### ABOUT THIS TASK
When you repeat the entries below, please keep them exact and leave out the pictures.

-- DATASET CONTENT follows --

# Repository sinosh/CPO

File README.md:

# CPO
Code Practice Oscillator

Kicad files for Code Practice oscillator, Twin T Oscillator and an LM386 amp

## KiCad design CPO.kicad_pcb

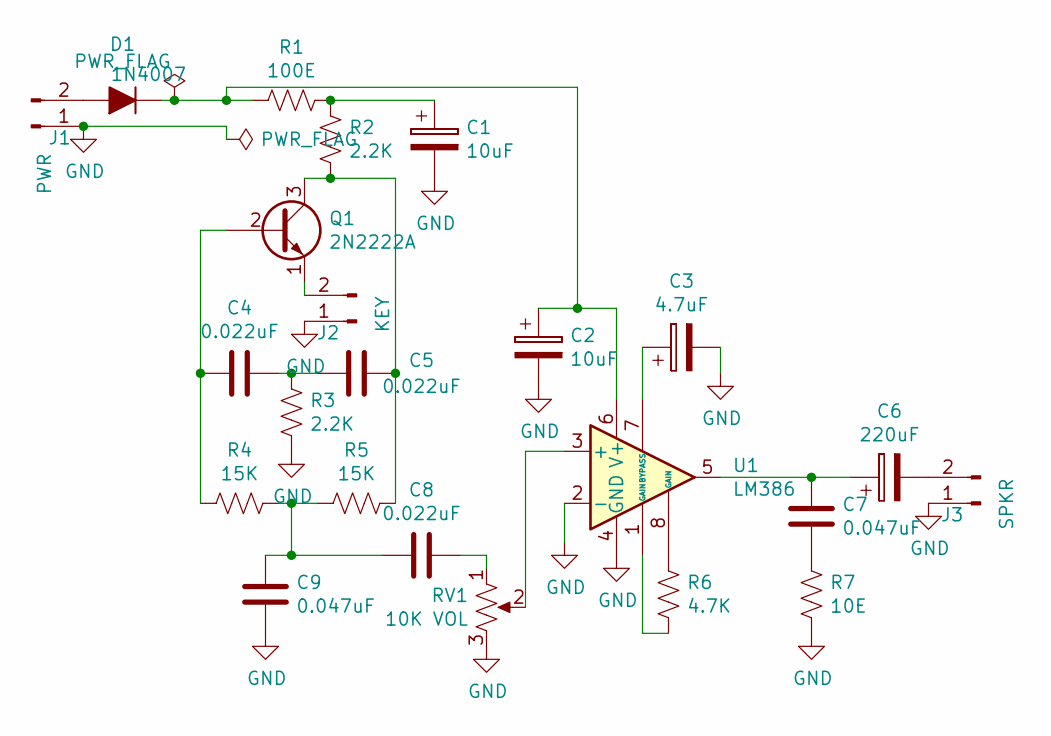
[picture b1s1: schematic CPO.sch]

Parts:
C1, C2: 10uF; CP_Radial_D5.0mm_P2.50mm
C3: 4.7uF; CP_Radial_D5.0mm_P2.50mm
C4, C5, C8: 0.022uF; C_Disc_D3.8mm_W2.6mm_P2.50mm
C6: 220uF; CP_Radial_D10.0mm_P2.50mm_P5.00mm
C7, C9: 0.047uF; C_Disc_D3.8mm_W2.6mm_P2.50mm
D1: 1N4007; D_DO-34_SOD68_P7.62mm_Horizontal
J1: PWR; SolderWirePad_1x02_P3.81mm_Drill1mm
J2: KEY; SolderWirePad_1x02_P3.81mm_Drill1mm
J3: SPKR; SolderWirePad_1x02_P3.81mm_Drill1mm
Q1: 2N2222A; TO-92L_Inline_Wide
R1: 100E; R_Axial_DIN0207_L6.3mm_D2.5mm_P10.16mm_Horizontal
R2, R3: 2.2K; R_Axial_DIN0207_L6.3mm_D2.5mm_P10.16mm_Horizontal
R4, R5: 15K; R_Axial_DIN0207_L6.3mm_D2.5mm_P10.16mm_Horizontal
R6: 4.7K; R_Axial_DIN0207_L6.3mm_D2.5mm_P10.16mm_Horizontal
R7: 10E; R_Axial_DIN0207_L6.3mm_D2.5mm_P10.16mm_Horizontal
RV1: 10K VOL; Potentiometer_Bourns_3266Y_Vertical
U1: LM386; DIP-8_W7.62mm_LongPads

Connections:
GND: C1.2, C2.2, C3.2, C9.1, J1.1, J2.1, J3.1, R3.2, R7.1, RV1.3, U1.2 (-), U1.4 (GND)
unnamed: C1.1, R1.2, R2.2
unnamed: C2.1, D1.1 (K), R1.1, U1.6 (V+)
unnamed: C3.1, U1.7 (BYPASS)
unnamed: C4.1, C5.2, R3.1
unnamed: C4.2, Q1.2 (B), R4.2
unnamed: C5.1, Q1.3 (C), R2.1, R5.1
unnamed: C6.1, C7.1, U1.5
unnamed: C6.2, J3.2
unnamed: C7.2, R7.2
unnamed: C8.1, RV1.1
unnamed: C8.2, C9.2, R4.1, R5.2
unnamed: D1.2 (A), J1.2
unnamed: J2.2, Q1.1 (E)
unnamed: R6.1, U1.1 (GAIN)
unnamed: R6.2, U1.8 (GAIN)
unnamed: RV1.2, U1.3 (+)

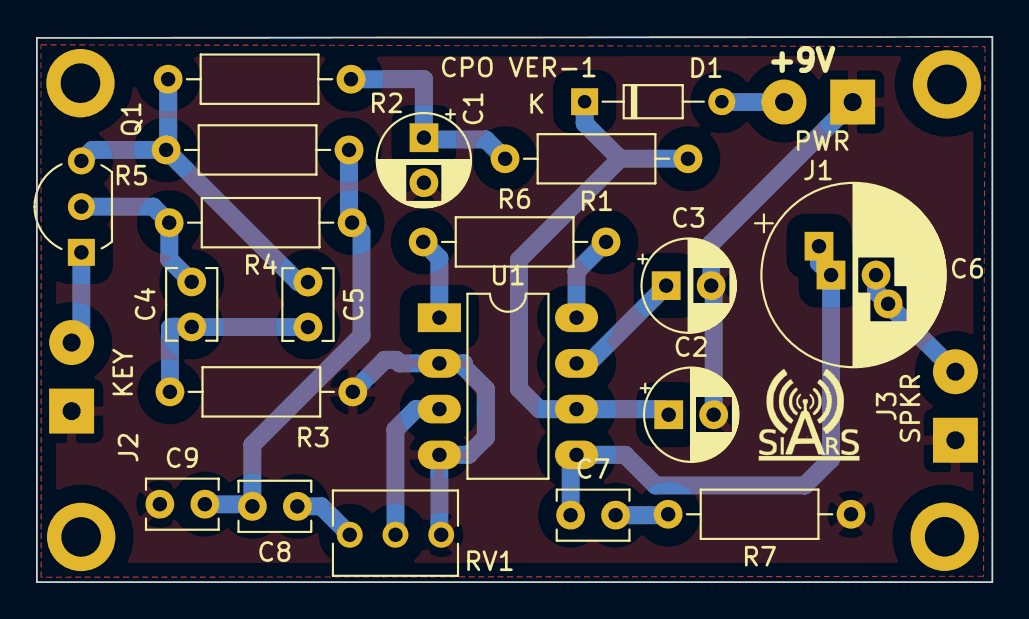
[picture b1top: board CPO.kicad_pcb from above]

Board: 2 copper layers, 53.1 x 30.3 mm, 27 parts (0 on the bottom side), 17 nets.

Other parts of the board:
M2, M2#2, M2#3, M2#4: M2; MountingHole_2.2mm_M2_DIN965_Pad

-- DATASET CONTENT concluded --

### THE ANSWER
# Repository sinosh/CPO

File README.md:

# CPO
Code Practice Oscillator

Kicad files for Code Practice oscillator, Twin T Oscillator and an LM386 amp

## KiCad design CPO.kicad_pcb

[picture b1s1: schematic CPO.sch]

Parts:
C1, C2: 10uF; CP_Radial_D5.0mm_P2.50mm
C3: 4.7uF; CP_Radial_D5.0mm_P2.50mm
C4, C5, C8: 0.022uF; C_Disc_D3.8mm_W2.6mm_P2.50mm
C6: 220uF; CP_Radial_D10.0mm_P2.50mm_P5.00mm
C7, C9: 0.047uF; C_Disc_D3.8mm_W2.6mm_P2.50mm
D1: 1N4007; D_DO-34_SOD68_P7.62mm_Horizontal
J1: PWR; SolderWirePad_1x02_P3.81mm_Drill1mm
J2: KEY; SolderWirePad_1x02_P3.81mm_Drill1mm
J3: SPKR; SolderWirePad_1x02_P3.81mm_Drill1mm
Q1: 2N2222A; TO-92L_Inline_Wide
R1: 100E; R_Axial_DIN0207_L6.3mm_D2.5mm_P10.16mm_Horizontal
R2, R3: 2.2K; R_Axial_DIN0207_L6.3mm_D2.5mm_P10.16mm_Horizontal
R4, R5: 15K; R_Axial_DIN0207_L6.3mm_D2.5mm_P10.16mm_Horizontal
R6: 4.7K; R_Axial_DIN0207_L6.3mm_D2.5mm_P10.16mm_Horizontal
R7: 10E; R_Axial_DIN0207_L6.3mm_D2.5mm_P10.16mm_Horizontal
RV1: 10K VOL; Potentiometer_Bourns_3266Y_Vertical
U1: LM386; DIP-8_W7.62mm_LongPads

Connections:
GND: C1.2, C2.2, C3.2, C9.1, J1.1, J2.1, J3.1, R3.2, R7.1, RV1.3, U1.2 (-), U1.4 (GND)
unnamed: C1.1, R1.2, R2.2
unnamed: C2.1, D1.1 (K), R1.1, U1.6 (V+)
unnamed: C3.1, U1.7 (BYPASS)
unnamed: C4.1, C5.2, R3.1
unnamed: C4.2, Q1.2 (B), R4.2
unnamed: C5.1, Q1.3 (C), R2.1, R5.1
unnamed: C6.1, C7.1, U1.5
unnamed: C6.2, J3.2
unnamed: C7.2, R7.2
unnamed: C8.1, RV1.1
unnamed: C8.2, C9.2, R4.1, R5.2
unnamed: D1.2 (A), J1.2
unnamed: J2.2, Q1.1 (E)
unnamed: R6.1, U1.1 (GAIN)
unnamed: R6.2, U1.8 (GAIN)
unnamed: RV1.2, U1.3 (+)

[picture b1top: board CPO.kicad_pcb from above]

Board: 2 copper layers, 53.1 x 30.3 mm, 27 parts (0 on the bottom side), 17 nets.

Other parts of the board:
M2, M2#2, M2#3, M2#4: M2; MountingHole_2.2mm_M2_DIN965_Pad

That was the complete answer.